[Records excerpted from a collection]
※ ※ ※

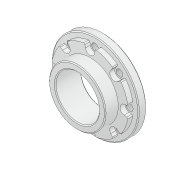
# Autodesk Inventor part: 16_029_X430_FREE_HORN_R1
Saved by Autodesk Inventor 2021 (Build 250183000, 183)
## iProperties
Created: 2020-07-25
Part Number: 16_029_X430_FREE_HORN_R1
Material: Aluminum 6061
Document SubType Name: Modeling
Designer: y6tada
Density: 2.7 g/cm^3
Appearance: Aluminum - Flat
Author: y6tada
Autodesk Inventor part; units mm, degrees
ref_plane "YZ Plane" through (0, 0, 0) normal (1, 0, 0) x (0, 1, 0)
ref_plane "XZ Plane" through (0, 0, 0) normal (0, 1, 0) x (-1, 0, 0)
ref_plane "XY Plane" through (0, 0, 0) normal (0, 0, 1) x (1, 0, 0)
sketch "Sketch1" plane through (0, 0, 0) normal (0, 0, 1) x (1, 0, 0)
  point P0 (0, 0)
sketch "Sketch2" plane through (0, 0, 0) normal (0, 0, 1) x (1, 0, 0)
  circle A0 centre (0, 0) radius 5
  circle A1 centre (0, 0) radius 10
  circle A2 centre (0, 0) radius 8 construction
  line L0 (0, 0) -> (8, 0) construction
  dimension "d2" = 16
  dimension "d0" = 10
  dimension "d1" = 20
  constraints: 4 coincident, 2 centre point, 2 end point, 1 horizontal, 1 horizontal alignment, 2 other
  measures "d0" diameter of A0
  measures "d1" diameter of A1
extrude "Extrusion1" add sketch "Sketch2" along normal blind 6
sketch "Sketch3" plane through (0, 0, 6) normal (0, 0, 1) x (1, 0, 0)
  circle A0 centre (0, 0) radius 6.5
  circle A1 centre (0, 0) radius 10 projected
  dimension "d5" = 13
  constraints: 1 centre point, 1 coincident
  measures "d5" diameter of A0
extrude "Extrusion2" cut sketch "Sketch3" against normal blind 3
sketch "Sketch4" plane through (0, 0, 3) normal (0, 0, 1) x (1, 0, 0)
  circle A0 centre (0, 0) radius 8.8
  circle A1 centre (0, 0) radius 10 projected
  dimension "d8" = 17.6
  constraints: 1 centre point, 1 coincident
  measures "d8" diameter of A0
extrude "Extrusion3" cut sketch "Sketch4" against normal blind 1.15
sketch "Sketch5" plane through (0, 0, 3) normal (0, 0, 1) x (1, 0, 0)
  line L0 (0, 0) -> (8, 0) construction
  circle A0 centre (0, 0) radius 8 construction
  line L1 (8, 0) -> (10, 0) construction
  line L2 (7.8487, -1.0896) -> (9.8109, -1.3619)
  line L3 (9.8109, 1.3619) -> (7.8487, 1.0896)
  arc A1 (7.8487, 1.0896) -> (7.8487, -1.0896) centre (8, 0) ccw
  arc A2 (9.8109, -1.3619) -> (9.8109, 1.3619) centre (10, 0) ccw
  line L4 (7.8487, 1.0896) -> (0, 0) construction
  circle A3 centre (0, 0) radius 10 construction
  point P0 (9, 0)
  dimension "d11" = 16
  dimension "d12" = 1.1
  constraints: 12 end point, 4 point on circle, 4 tangent, 2 centre point, 2 coincident, 2 horizontal, 2 horizontal alignment, 1 collinear, 1 midpoint, 3 other
  measures "d12" radius of A1
extrude "Extrusion4" cut sketch "Sketch5" against normal up to surface (1.15 mm away)
fillet "Fillet1" radius 0.25 2 edges at (8.7164, -1.21, 2.425) (8.7164, 1.21, 2.425)
hole "Hole1" at (8, 0, 3) direction (0, 0, -1) diameter 1.567 end through all thread size "M2x0.4" class "6H" standard "ANSI Metric M Profile"
pattern_circular "Circular Pattern1" count 8 over 360 about axis through (0, 0, -10) along (0, 0, 1) of "Extrusion4", "Fillet1", "Hole1"
chamfer "Chamfer1" distance 0.2 angle 45 5 edges at (-5, 0, 6) (-5, 0, 0) (-6.5, 0, 6) (-10, 0, 0) (-10, 0, 1.85)
body "Solid1"

※ ※ ※

[Task directions]:
Could you repeat, exactly and with nothing added, the lines from the top of the entries above through the line that holds "0) x (-1, 0, 0)", leaving out any pictures?

[Solution to this task]:
# Autodesk Inventor part: 16_029_X430_FREE_HORN_R1
Saved by Autodesk Inventor 2021 (Build 250183000, 183)
## iProperties
Created: 2020-07-25
Part Number: 16_029_X430_FREE_HORN_R1
Material: Aluminum 6061
Document SubType Name: Modeling
Designer: y6tada
Density: 2.7 g/cm^3
Appearance: Aluminum - Flat
Author: y6tada
Autodesk Inventor part; units mm, degrees
ref_plane "YZ Plane" through (0, 0, 0) normal (1, 0, 0) x (0, 1, 0)
ref_plane "XZ Plane" through (0, 0, 0) normal (0, 1, 0) x (-1, 0, 0)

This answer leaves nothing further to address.